The Band-Aid Approach
Companies have thus far used the band-aid approach to overcome these difficulties, solving one problem only to have others crop up, says Dr. Romero. Capture/affinity resins with higher capacity are typical. A complete re-evaluation of the capture step would be better—for example, moving to expanded bed absorption. “At some point, bioprocessors must deal at a high level with the inevitable rise of protein titers to 10 g/L.”
Anything that favorably alters the protein/impurity ratio is helpful. Cells may be engineered to accomplish this, or processors can harvest earlier, with the goal of sacrificing yield of raw protein for final product. “At the end of the day, overall recoverable yield might be higher,” Romero says.
Other suggestions include investigating flocculation for cell harvesting, a technique that might reduce the burden on chromatography columns. Another strategy is to design secondary chromatography steps to operate in flow-through mode—binding impurities, not product—to take advantage of the relative fractions of these two components. Dr. Romero also likes membrane absorption, especially in flow-through mode early in the process, to remove impurities. Finally, eliminating buffer tanks by reconstituting chromatography buffer at the point of use, and eliminating steps between columns (elute, collect, load, repeat) would “save a lot of time and eliminate validation and tankage needed between columns.”
Other experts propose similar measures. Bruno Marques, Ph.D., senior research chemical engineer at Merck & Co. (www.merck.com), believes that reducing reliance on chromatographic separations with nonchromatographic techniques would be valuable as process streams become larger and more concentrated.
“Chromatography offers high resolution but low throughput, especially at larger scales,” he explains. “In the near future, companies will routinely manufacture 100 kg of a mAb per batch. Chromatography is not well-suited for such scales, especially when you consider the buffer requirements of two- or three-chromatography processes.”
Dr. Marques would like to see the development of alternative, simpler, technologies, such as impurity precipitation immediately after harvest. For replacing resin chromatography in flow-through, as well as bind-and-elute, mode, Dr. Marques likes disposable technologies but notes that selectivity and capacity “need further development, especially as far as adsorptive properties and fluid distribution, in the next several years.”
Mimetic replacements for expensive chromatography media are also of great interest. “Whenever we hear about mimetic resins Merck evaluates them, but so far we haven’t found any that meet all our requirements.” Drawbacks of newer mimetic resins include capacity, selectivity, packing, and linear-velocity capabilities.
Single-use equipment now serves nearly every upstream unit operation in one way or another, with single-use bioreactors in the 500–1,000-L range quite common. Even larger processes can benefit from small-volume single-use seed bioreactors and multiple disposable buffer and storage bags of up to approximately 1,000-L working volume each.
Fully disposable, large-scale downstream processing is probably years away, primarily due to the impracticality of single-use chromatography media, equipment (e.g., centrifuges), and certain filtration systems. While single-use direct flow, sterilizing, and certain types of depth filtration are available in disposable format up to the largest scale, disposable tangential flow filtration has only recently been introduced. Pall’s (www.pall.com) Kleenpak™ TFF MF capsule, which debuted at “Interphex 2007” along with disposable fluid management and containers, combines microfiltration with disposability.

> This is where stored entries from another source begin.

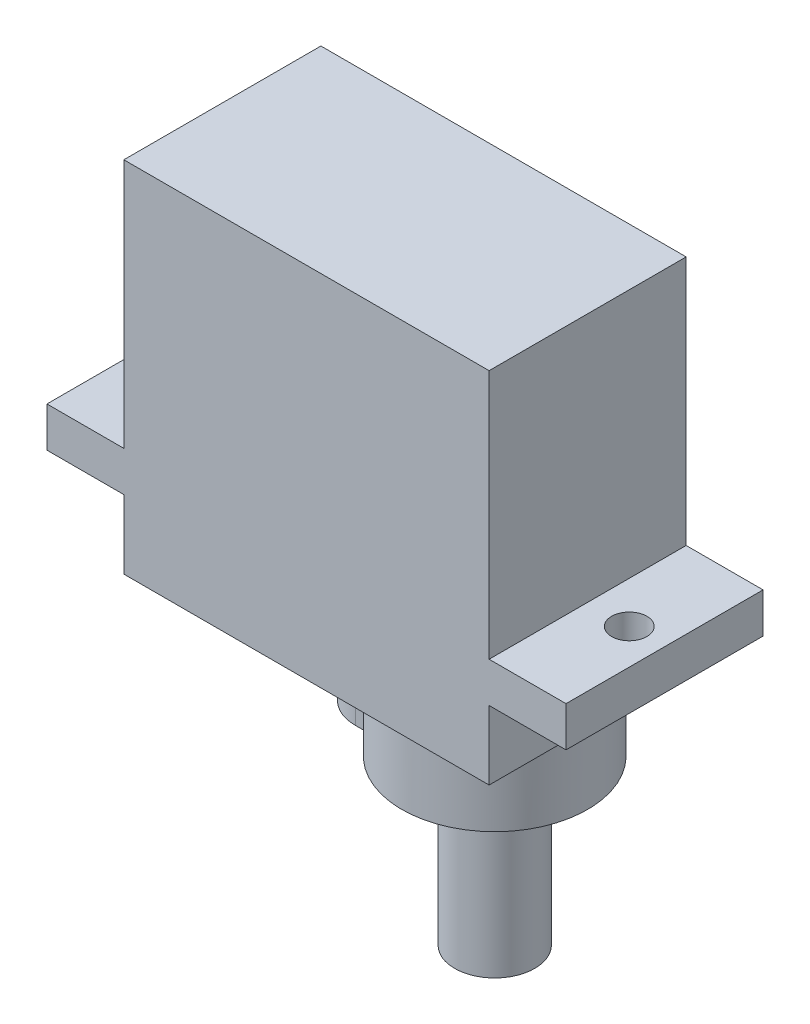
ISO-10303-21;
HEADER;
FILE_DESCRIPTION(('STEP AP214'),'2;1');
FILE_NAME('part.step','',(''),(''),'','','');
FILE_SCHEMA(('AUTOMOTIVE_DESIGN { 1 0 10303 214 1 1 1 1 }'));
ENDSEC;
DATA;
#1=APPLICATION_CONTEXT('core data for automotive mechanical design processes');
#2=APPLICATION_PROTOCOL_DEFINITION('international standard','automotive_design',2000,#1);
#3=PRODUCT_CONTEXT('',#1,'mechanical');
#4=PRODUCT('Part','Part','',(#3));
#5=PRODUCT_RELATED_PRODUCT_CATEGORY('part','',(#4));
#6=PRODUCT_DEFINITION_FORMATION('','',#4);
#7=PRODUCT_DEFINITION_CONTEXT('part definition',#1,'design');
#8=PRODUCT_DEFINITION('design','',#6,#7);
#9=PRODUCT_DEFINITION_SHAPE('','',#8);
#10=(LENGTH_UNIT() NAMED_UNIT(*) SI_UNIT(.MILLI.,.METRE.));
#11=(NAMED_UNIT(*) PLANE_ANGLE_UNIT() SI_UNIT($,.RADIAN.));
#12=(NAMED_UNIT(*) SI_UNIT($,.STERADIAN.) SOLID_ANGLE_UNIT());
#13=UNCERTAINTY_MEASURE_WITH_UNIT(LENGTH_MEASURE(1.E-05),#10,'distance_accuracy_value','');
#14=(GEOMETRIC_REPRESENTATION_CONTEXT(3) GLOBAL_UNCERTAINTY_ASSIGNED_CONTEXT((#13)) GLOBAL_UNIT_ASSIGNED_CONTEXT((#10,
#11,#12)) REPRESENTATION_CONTEXT('',''));
#15=CARTESIAN_POINT('',(0.,0.,0.));
#16=DIRECTION('',(0.,0.,1.));
#17=DIRECTION('',(1.,0.,0.));
#18=AXIS2_PLACEMENT_3D('',#15,#16,#17);
#19=CARTESIAN_POINT('',(5.60000000000001,-18.9406492438332,6.15));
#20=DIRECTION('',(0.,1.,0.));
#21=DIRECTION('',(-1.,0.,0.));
#22=AXIS2_PLACEMENT_3D('',#19,#20,#21);
#23=CYLINDRICAL_SURFACE('',#22,2.5);
#24=CARTESIAN_POINT('',(5.60000000000001,-18.9406492438332,6.15));
#25=DIRECTION('',(0.,-1.,0.));
#26=DIRECTION('',(1.,0.,0.));
#27=AXIS2_PLACEMENT_3D('',#24,#25,#26);
#28=CIRCLE('',#27,2.5);
#29=CARTESIAN_POINT('',(8.10000000000001,-18.9406492438332,6.15));
#30=VERTEX_POINT('',#29);
#31=EDGE_CURVE('E12',#30,#30,#28,.T.);
#32=ORIENTED_EDGE('',*,*,#31,.F.);
#33=EDGE_LOOP('',(#32));
#34=FACE_BOUND('',#33,.T.);
#35=CARTESIAN_POINT('',(5.60000000000001,-8.7,6.15));
#36=DIRECTION('',(0.,-1.,0.));
#37=DIRECTION('',(1.,0.,0.));
#38=AXIS2_PLACEMENT_3D('',#35,#36,#37);
#39=CIRCLE('',#38,2.5);
#40=CARTESIAN_POINT('',(8.10000000000001,-8.7,6.15));
#41=VERTEX_POINT('',#40);
#42=EDGE_CURVE('E46',#41,#41,#39,.T.);
#43=ORIENTED_EDGE('',*,*,#42,.T.);
#44=EDGE_LOOP('',(#43));
#45=FACE_BOUND('',#44,.T.);
#46=ADVANCED_FACE('F43',(#34,#45),#23,.T.);
#47=CARTESIAN_POINT('',(5.60000000000001,-18.9406492438332,6.15));
#48=DIRECTION('',(0.,-1.,0.));
#49=DIRECTION('',(1.,0.,0.));
#50=AXIS2_PLACEMENT_3D('',#47,#48,#49);
#51=PLANE('',#50);
#52=ORIENTED_EDGE('',*,*,#31,.T.);
#53=EDGE_LOOP('',(#52));
#54=FACE_BOUND('',#53,.T.);
#55=ADVANCED_FACE('F58',(#54),#51,.T.);
#56=CARTESIAN_POINT('',(5.60000000000001,-8.7,6.15));
#57=DIRECTION('',(0.,-1.,0.));
#58=DIRECTION('',(1.,0.,0.));
#59=AXIS2_PLACEMENT_3D('',#56,#57,#58);
#60=PLANE('',#59);
#61=ORIENTED_EDGE('',*,*,#42,.F.);
#62=EDGE_LOOP('',(#61));
#63=FACE_BOUND('',#62,.T.);
#64=ADVANCED_FACE('F56',(#63),#60,.F.);
#65=CLOSED_SHELL('',(#46,#55,#64));
#66=MANIFOLD_SOLID_BREP('B2',#65);
#67=CARTESIAN_POINT('',(-11.4,-4.3,12.3));
#68=DIRECTION('',(0.,1.,0.));
#69=DIRECTION('',(-1.,0.,0.));
#70=AXIS2_PLACEMENT_3D('',#67,#68,#69);
#71=PLANE('',#70);
#72=DIRECTION('',(-1.,0.,0.));
#73=VECTOR('',#72,1.);
#74=CARTESIAN_POINT('',(-0.399999999999992,-4.3,8.85));
#75=LINE('',#74,#73);
#76=CARTESIAN_POINT('',(0.466774892915768,-4.3,8.85));
#77=VERTEX_POINT('',#76);
#78=CARTESIAN_POINT('',(-0.399999999999992,-4.3,8.85));
#79=VERTEX_POINT('',#78);
#80=EDGE_CURVE('E100',#77,#79,#75,.T.);
#81=ORIENTED_EDGE('',*,*,#80,.F.);
#82=CARTESIAN_POINT('',(5.60000000000001,-4.3,6.15));
#83=DIRECTION('',(0.,-1.,0.));
#84=DIRECTION('',(1.,0.,0.));
#85=AXIS2_PLACEMENT_3D('',#82,#83,#84);
#86=CIRCLE('',#85,5.8);
#87=CARTESIAN_POINT('',(11.4,-4.3,6.15));
#88=VERTEX_POINT('',#87);
#89=EDGE_CURVE('E41',#88,#77,#86,.T.);
#90=ORIENTED_EDGE('',*,*,#89,.F.);
#91=DIRECTION('',(0.,0.,-1.));
#92=VECTOR('',#91,1.);
#93=CARTESIAN_POINT('',(11.4,-4.3,12.3));
#94=LINE('',#93,#92);
#95=CARTESIAN_POINT('',(11.4,-4.3,12.3));
#96=VERTEX_POINT('',#95);
#97=EDGE_CURVE('E301',#96,#88,#94,.T.);
#98=ORIENTED_EDGE('',*,*,#97,.F.);
#99=DIRECTION('',(1.,0.,0.));
#100=VECTOR('',#99,1.);
#101=CARTESIAN_POINT('',(-11.4,-4.3,12.3));
#102=LINE('',#101,#100);
#103=CARTESIAN_POINT('',(-11.4,-4.3,12.3));
#104=VERTEX_POINT('',#103);
#105=EDGE_CURVE('E237',#104,#96,#102,.T.);
#106=ORIENTED_EDGE('',*,*,#105,.F.);
#107=DIRECTION('',(0.,0.,-1.));
#108=VECTOR('',#107,1.);
#109=CARTESIAN_POINT('',(-11.4,-4.3,12.3));
#110=LINE('',#109,#108);
#111=CARTESIAN_POINT('',(-11.4,-4.3,0.));
#112=VERTEX_POINT('',#111);
#113=EDGE_CURVE('E304',#104,#112,#110,.T.);
#114=ORIENTED_EDGE('',*,*,#113,.T.);
#115=DIRECTION('',(1.,0.,0.));
#116=VECTOR('',#115,1.);
#117=CARTESIAN_POINT('',(-11.4,-4.3,0.));
#118=LINE('',#117,#116);
#119=CARTESIAN_POINT('',(11.4,-4.3,0.));
#120=VERTEX_POINT('',#119);
#121=EDGE_CURVE('E259',#112,#120,#118,.T.);
#122=ORIENTED_EDGE('',*,*,#121,.T.);
#123=EDGE_CURVE('E300',#88,#120,#94,.T.);
#124=ORIENTED_EDGE('',*,*,#123,.F.);
#125=CARTESIAN_POINT('',(0.466774892915769,-4.3,3.45));
#126=VERTEX_POINT('',#125);
#127=EDGE_CURVE('E93',#126,#88,#86,.T.);
#128=ORIENTED_EDGE('',*,*,#127,.F.);
#129=DIRECTION('',(1.,0.,0.));
#130=VECTOR('',#129,1.);
#131=CARTESIAN_POINT('',(-0.399999999999992,-4.3,3.45));
#132=LINE('',#131,#130);
#133=CARTESIAN_POINT('',(-0.399999999999992,-4.3,3.45));
#134=VERTEX_POINT('',#133);
#135=EDGE_CURVE('E370',#134,#126,#132,.T.);
#136=ORIENTED_EDGE('',*,*,#135,.F.);
#137=CARTESIAN_POINT('',(-0.399999999999992,-4.3,6.15));
#138=DIRECTION('',(0.,-1.,0.));
#139=DIRECTION('',(1.,0.,0.));
#140=AXIS2_PLACEMENT_3D('',#137,#138,#139);
#141=CIRCLE('',#140,2.7);
#142=EDGE_CURVE('E104',#79,#134,#141,.T.);
#143=ORIENTED_EDGE('',*,*,#142,.F.);
#144=EDGE_LOOP('',(#81,#90,#98,#106,#114,#122,#124,#128,#136,#143));
#145=FACE_BOUND('',#144,.T.);
#146=ADVANCED_FACE('F83',(#145),#71,.F.);
#147=CARTESIAN_POINT('',(-16.2,2.5,12.3));
#148=DIRECTION('',(1.,0.,0.));
#149=DIRECTION('',(0.,0.,-1.));
#150=AXIS2_PLACEMENT_3D('',#147,#148,#149);
#151=PLANE('',#150);
#152=DIRECTION('',(0.,-1.,0.));
#153=VECTOR('',#152,1.);
#154=CARTESIAN_POINT('',(-16.2,2.5,0.));
#155=LINE('',#154,#153);
#156=CARTESIAN_POINT('',(-16.2,2.5,0.));
#157=VERTEX_POINT('',#156);
#158=CARTESIAN_POINT('',(-16.2,0.,0.));
#159=VERTEX_POINT('',#158);
#160=EDGE_CURVE('E220',#157,#159,#155,.T.);
#161=ORIENTED_EDGE('',*,*,#160,.T.);
#162=DIRECTION('',(0.,0.,-1.));
#163=VECTOR('',#162,1.);
#164=CARTESIAN_POINT('',(-16.2,0.,12.3));
#165=LINE('',#164,#163);
#166=CARTESIAN_POINT('',(-16.2,0.,12.3));
#167=VERTEX_POINT('',#166);
#168=EDGE_CURVE('E87',#167,#159,#165,.T.);
#169=ORIENTED_EDGE('',*,*,#168,.F.);
#170=DIRECTION('',(0.,-1.,0.));
#171=VECTOR('',#170,1.);
#172=CARTESIAN_POINT('',(-16.2,2.5,12.3));
#173=LINE('',#172,#171);
#174=CARTESIAN_POINT('',(-16.2,2.5,12.3));
#175=VERTEX_POINT('',#174);
#176=EDGE_CURVE('E229',#175,#167,#173,.T.);
#177=ORIENTED_EDGE('',*,*,#176,.F.);
#178=DIRECTION('',(0.,0.,-1.));
#179=VECTOR('',#178,1.);
#180=CARTESIAN_POINT('',(-16.2,2.5,12.3));
#181=LINE('',#180,#179);
#182=EDGE_CURVE('E254',#175,#157,#181,.T.);
#183=ORIENTED_EDGE('',*,*,#182,.T.);
#184=EDGE_LOOP('',(#161,#169,#177,#183));
#185=FACE_BOUND('',#184,.T.);
#186=ADVANCED_FACE('F85',(#185),#151,.F.);
#187=CARTESIAN_POINT('',(-16.2,0.,12.3));
#188=DIRECTION('',(0.,1.,0.));
#189=DIRECTION('',(-1.,0.,0.));
#190=AXIS2_PLACEMENT_3D('',#187,#188,#189);
#191=PLANE('',#190);
#192=CARTESIAN_POINT('',(-14.,0.,6.15));
#193=DIRECTION('',(0.,1.,0.));
#194=DIRECTION('',(-1.,0.,0.));
#195=AXIS2_PLACEMENT_3D('',#192,#193,#194);
#196=CIRCLE('',#195,1.1);
#197=CARTESIAN_POINT('',(-15.1,0.,6.15));
#198=VERTEX_POINT('',#197);
#199=EDGE_CURVE('E380',#198,#198,#196,.T.);
#200=ORIENTED_EDGE('',*,*,#199,.T.);
#201=EDGE_LOOP('',(#200));
#202=FACE_BOUND('',#201,.T.);
#203=DIRECTION('',(1.,0.,0.));
#204=VECTOR('',#203,1.);
#205=CARTESIAN_POINT('',(-16.2,0.,0.));
#206=LINE('',#205,#204);
#207=CARTESIAN_POINT('',(-11.4,0.,0.));
#208=VERTEX_POINT('',#207);
#209=EDGE_CURVE('E223',#159,#208,#206,.T.);
#210=ORIENTED_EDGE('',*,*,#209,.T.);
#211=DIRECTION('',(0.,0.,-1.));
#212=VECTOR('',#211,1.);
#213=CARTESIAN_POINT('',(-11.4,0.,12.3));
#214=LINE('',#213,#212);
#215=CARTESIAN_POINT('',(-11.4,0.,12.3));
#216=VERTEX_POINT('',#215);
#217=EDGE_CURVE('E306',#216,#208,#214,.T.);
#218=ORIENTED_EDGE('',*,*,#217,.F.);
#219=DIRECTION('',(1.,0.,0.));
#220=VECTOR('',#219,1.);
#221=CARTESIAN_POINT('',(-16.2,0.,12.3));
#222=LINE('',#221,#220);
#223=EDGE_CURVE('E232',#167,#216,#222,.T.);
#224=ORIENTED_EDGE('',*,*,#223,.F.);
#225=ORIENTED_EDGE('',*,*,#168,.T.);
#226=EDGE_LOOP('',(#210,#218,#224,#225));
#227=FACE_BOUND('',#226,.T.);
#228=ADVANCED_FACE('F315',(#202,#227),#191,.F.);
#229=CARTESIAN_POINT('',(-11.4,0.,12.3));
#230=DIRECTION('',(1.,0.,0.));
#231=DIRECTION('',(0.,0.,-1.));
#232=AXIS2_PLACEMENT_3D('',#229,#230,#231);
#233=PLANE('',#232);
#234=DIRECTION('',(0.,-1.,0.));
#235=VECTOR('',#234,1.);
#236=CARTESIAN_POINT('',(-11.4,0.,0.));
#237=LINE('',#236,#235);
#238=EDGE_CURVE('E257',#208,#112,#237,.T.);
#239=ORIENTED_EDGE('',*,*,#238,.T.);
#240=ORIENTED_EDGE('',*,*,#113,.F.);
#241=DIRECTION('',(0.,-1.,0.));
#242=VECTOR('',#241,1.);
#243=CARTESIAN_POINT('',(-11.4,0.,12.3));
#244=LINE('',#243,#242);
#245=EDGE_CURVE('E235',#216,#104,#244,.T.);
#246=ORIENTED_EDGE('',*,*,#245,.F.);
#247=ORIENTED_EDGE('',*,*,#217,.T.);
#248=EDGE_LOOP('',(#239,#240,#246,#247));
#249=FACE_BOUND('',#248,.T.);
#250=ADVANCED_FACE('F327',(#249),#233,.F.);
#251=CARTESIAN_POINT('',(11.4,-4.3,12.3));
#252=DIRECTION('',(-1.,0.,0.));
#253=DIRECTION('',(0.,-1.,0.));
#254=AXIS2_PLACEMENT_3D('',#251,#252,#253);
#255=PLANE('',#254);
#256=DIRECTION('',(0.,1.,0.));
#257=VECTOR('',#256,1.);
#258=CARTESIAN_POINT('',(11.4,-4.3,0.));
#259=LINE('',#258,#257);
#260=CARTESIAN_POINT('',(11.4,0.,0.));
#261=VERTEX_POINT('',#260);
#262=EDGE_CURVE('E262',#120,#261,#259,.T.);
#263=ORIENTED_EDGE('',*,*,#262,.T.);
#264=DIRECTION('',(0.,0.,-1.));
#265=VECTOR('',#264,1.);
#266=CARTESIAN_POINT('',(11.4,0.,12.3));
#267=LINE('',#266,#265);
#268=CARTESIAN_POINT('',(11.4,0.,12.3));
#269=VERTEX_POINT('',#268);
#270=EDGE_CURVE('E297',#269,#261,#267,.T.);
#271=ORIENTED_EDGE('',*,*,#270,.F.);
#272=DIRECTION('',(0.,1.,0.));
#273=VECTOR('',#272,1.);
#274=CARTESIAN_POINT('',(11.4,-4.3,12.3));
#275=LINE('',#274,#273);
#276=EDGE_CURVE('E239',#96,#269,#275,.T.);
#277=ORIENTED_EDGE('',*,*,#276,.F.);
#278=ORIENTED_EDGE('',*,*,#97,.T.);
#279=ORIENTED_EDGE('',*,*,#123,.T.);
#280=EDGE_LOOP('',(#263,#271,#277,#278,#279));
#281=FACE_BOUND('',#280,.T.);
#282=ADVANCED_FACE('F368',(#281),#255,.F.);
#283=CARTESIAN_POINT('',(11.4,0.,12.3));
#284=DIRECTION('',(0.,1.,0.));
#285=DIRECTION('',(-1.,0.,0.));
#286=AXIS2_PLACEMENT_3D('',#283,#284,#285);
#287=PLANE('',#286);
#288=CARTESIAN_POINT('',(14.,0.,6.15));
#289=DIRECTION('',(0.,1.,0.));
#290=DIRECTION('',(-1.,0.,0.));
#291=AXIS2_PLACEMENT_3D('',#288,#289,#290);
#292=CIRCLE('',#291,1.1);
#293=CARTESIAN_POINT('',(12.9,0.,6.15));
#294=VERTEX_POINT('',#293);
#295=EDGE_CURVE('E413',#294,#294,#292,.T.);
#296=ORIENTED_EDGE('',*,*,#295,.T.);
#297=EDGE_LOOP('',(#296));
#298=FACE_BOUND('',#297,.T.);
#299=DIRECTION('',(1.,0.,0.));
#300=VECTOR('',#299,1.);
#301=CARTESIAN_POINT('',(11.4,0.,0.));
#302=LINE('',#301,#300);
#303=CARTESIAN_POINT('',(16.2,0.,0.));
#304=VERTEX_POINT('',#303);
#305=EDGE_CURVE('E264',#261,#304,#302,.T.);
#306=ORIENTED_EDGE('',*,*,#305,.T.);
#307=DIRECTION('',(0.,0.,-1.));
#308=VECTOR('',#307,1.);
#309=CARTESIAN_POINT('',(16.2,0.,12.3));
#310=LINE('',#309,#308);
#311=CARTESIAN_POINT('',(16.2,0.,12.3));
#312=VERTEX_POINT('',#311);
#313=EDGE_CURVE('E294',#312,#304,#310,.T.);
#314=ORIENTED_EDGE('',*,*,#313,.F.);
#315=DIRECTION('',(1.,0.,0.));
#316=VECTOR('',#315,1.);
#317=CARTESIAN_POINT('',(11.4,0.,12.3));
#318=LINE('',#317,#316);
#319=EDGE_CURVE('E241',#269,#312,#318,.T.);
#320=ORIENTED_EDGE('',*,*,#319,.F.);
#321=ORIENTED_EDGE('',*,*,#270,.T.);
#322=EDGE_LOOP('',(#306,#314,#320,#321));
#323=FACE_BOUND('',#322,.T.);
#324=ADVANCED_FACE('F366',(#298,#323),#287,.F.);
#325=CARTESIAN_POINT('',(16.2,0.,12.3));
#326=DIRECTION('',(-1.,0.,0.));
#327=DIRECTION('',(0.,-1.,0.));
#328=AXIS2_PLACEMENT_3D('',#325,#326,#327);
#329=PLANE('',#328);
#330=DIRECTION('',(0.,1.,0.));
#331=VECTOR('',#330,1.);
#332=CARTESIAN_POINT('',(16.2,0.,0.));
#333=LINE('',#332,#331);
#334=CARTESIAN_POINT('',(16.2,2.5,0.));
#335=VERTEX_POINT('',#334);
#336=EDGE_CURVE('E266',#304,#335,#333,.T.);
#337=ORIENTED_EDGE('',*,*,#336,.T.);
#338=DIRECTION('',(0.,0.,-1.));
#339=VECTOR('',#338,1.);
#340=CARTESIAN_POINT('',(16.2,2.5,12.3));
#341=LINE('',#340,#339);
#342=CARTESIAN_POINT('',(16.2,2.5,12.3));
#343=VERTEX_POINT('',#342);
#344=EDGE_CURVE('E291',#343,#335,#341,.T.);
#345=ORIENTED_EDGE('',*,*,#344,.F.);
#346=DIRECTION('',(0.,1.,0.));
#347=VECTOR('',#346,1.);
#348=CARTESIAN_POINT('',(16.2,0.,12.3));
#349=LINE('',#348,#347);
#350=EDGE_CURVE('E243',#312,#343,#349,.T.);
#351=ORIENTED_EDGE('',*,*,#350,.F.);
#352=ORIENTED_EDGE('',*,*,#313,.T.);
#353=EDGE_LOOP('',(#337,#345,#351,#352));
#354=FACE_BOUND('',#353,.T.);
#355=ADVANCED_FACE('F361',(#354),#329,.F.);
#356=CARTESIAN_POINT('',(16.2,2.5,12.3));
#357=DIRECTION('',(0.,-1.,0.));
#358=DIRECTION('',(1.,0.,0.));
#359=AXIS2_PLACEMENT_3D('',#356,#357,#358);
#360=PLANE('',#359);
#361=CARTESIAN_POINT('',(14.,2.5,6.15));
#362=DIRECTION('',(0.,1.,0.));
#363=DIRECTION('',(0.,0.,1.));
#364=AXIS2_PLACEMENT_3D('',#361,#362,#363);
#365=CIRCLE('',#364,1.1);
#366=CARTESIAN_POINT('',(14.,2.5,7.25));
#367=VERTEX_POINT('',#366);
#368=EDGE_CURVE('E418',#367,#367,#365,.T.);
#369=ORIENTED_EDGE('',*,*,#368,.F.);
#370=EDGE_LOOP('',(#369));
#371=FACE_BOUND('',#370,.T.);
#372=DIRECTION('',(-1.,0.,0.));
#373=VECTOR('',#372,1.);
#374=CARTESIAN_POINT('',(16.2,2.5,0.));
#375=LINE('',#374,#373);
#376=CARTESIAN_POINT('',(11.4,2.5,0.));
#377=VERTEX_POINT('',#376);
#378=EDGE_CURVE('E268',#335,#377,#375,.T.);
#379=ORIENTED_EDGE('',*,*,#378,.T.);
#380=DIRECTION('',(0.,0.,-1.));
#381=VECTOR('',#380,1.);
#382=CARTESIAN_POINT('',(11.4,2.5,12.3));
#383=LINE('',#382,#381);
#384=CARTESIAN_POINT('',(11.4,2.5,12.3));
#385=VERTEX_POINT('',#384);
#386=EDGE_CURVE('E288',#385,#377,#383,.T.);
#387=ORIENTED_EDGE('',*,*,#386,.F.);
#388=DIRECTION('',(-1.,0.,0.));
#389=VECTOR('',#388,1.);
#390=CARTESIAN_POINT('',(16.2,2.5,12.3));
#391=LINE('',#390,#389);
#392=EDGE_CURVE('E245',#343,#385,#391,.T.);
#393=ORIENTED_EDGE('',*,*,#392,.F.);
#394=ORIENTED_EDGE('',*,*,#344,.T.);
#395=EDGE_LOOP('',(#379,#387,#393,#394));
#396=FACE_BOUND('',#395,.T.);
#397=ADVANCED_FACE('F356',(#371,#396),#360,.F.);
#398=CARTESIAN_POINT('',(11.4,2.5,12.3));
#399=DIRECTION('',(-1.,0.,0.));
#400=DIRECTION('',(0.,-1.,0.));
#401=AXIS2_PLACEMENT_3D('',#398,#399,#400);
#402=PLANE('',#401);
#403=DIRECTION('',(0.,1.,0.));
#404=VECTOR('',#403,1.);
#405=CARTESIAN_POINT('',(11.4,2.5,0.));
#406=LINE('',#405,#404);
#407=CARTESIAN_POINT('',(11.4,18.1,0.));
#408=VERTEX_POINT('',#407);
#409=EDGE_CURVE('E270',#377,#408,#406,.T.);
#410=ORIENTED_EDGE('',*,*,#409,.T.);
#411=DIRECTION('',(0.,0.,-1.));
#412=VECTOR('',#411,1.);
#413=CARTESIAN_POINT('',(11.4,18.1,12.3));
#414=LINE('',#413,#412);
#415=CARTESIAN_POINT('',(11.4,18.1,12.3));
#416=VERTEX_POINT('',#415);
#417=EDGE_CURVE('E285',#416,#408,#414,.T.);
#418=ORIENTED_EDGE('',*,*,#417,.F.);
#419=DIRECTION('',(0.,1.,0.));
#420=VECTOR('',#419,1.);
#421=CARTESIAN_POINT('',(11.4,2.5,12.3));
#422=LINE('',#421,#420);
#423=EDGE_CURVE('E247',#385,#416,#422,.T.);
#424=ORIENTED_EDGE('',*,*,#423,.F.);
#425=ORIENTED_EDGE('',*,*,#386,.T.);
#426=EDGE_LOOP('',(#410,#418,#424,#425));
#427=FACE_BOUND('',#426,.T.);
#428=ADVANCED_FACE('F352',(#427),#402,.F.);
#429=CARTESIAN_POINT('',(11.4,18.1,12.3));
#430=DIRECTION('',(0.,-1.,0.));
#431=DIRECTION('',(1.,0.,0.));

According to Jerold Martin, Pall’s senior vp for scientific affairs, Kleenpak TFF resembles a dead-end filter capsule, but is used for cell removal or harvesting. “Kleenpak TFF is much simpler and easier than a cassette system,” Martin says.
Between clarification and polishing, filtration is mostly fully disposable. Pall has developed one fully assembled system whereby harvest fluid passes through depth filter, sterilizing filter, and virus filter, all presterilized and linked through sterile tubing and connectors. This filtration train, which handles process fluids of up to about 500 liters, was custom-designed using off-the-shelf single-use components.
Pall has been working with several larger customers on cassette-based disposable ultrafiltration systems. In these systems all buffer mixing takes place in disposable tank liners and is fed into cassettes, with all the fluid contact components being disposable and supported within stainless steel holders. “This is moving away from where the whole system is disposable, to where there is a fixed platform containing a disposable fluid path,” says Martin. “What people really want is a clean fluid path.”
Polishing and virus filtration can be carried out at almost any scale using presterilized filters connected to collection bags. Pall has created several integrated systems, for example a Mustang Q membrane chromatography module upstream of Ultipor® VF virus filters.
While disposables are rapidly maturing, gaps remain compared to traditional stainless steel manufacturing. “End users and vendors need to work together to identify these gaps and find solutions,” says Royce. One approach is to eschew completely disposable systems for disposable components that work harmoniously with stainless steel. Several vendors, including Pall and Millipore, offer such products.
Chromatography remains an expanding frontier for disposables. The high cost of resins precludes disposable chromatography for high-value products in the near term.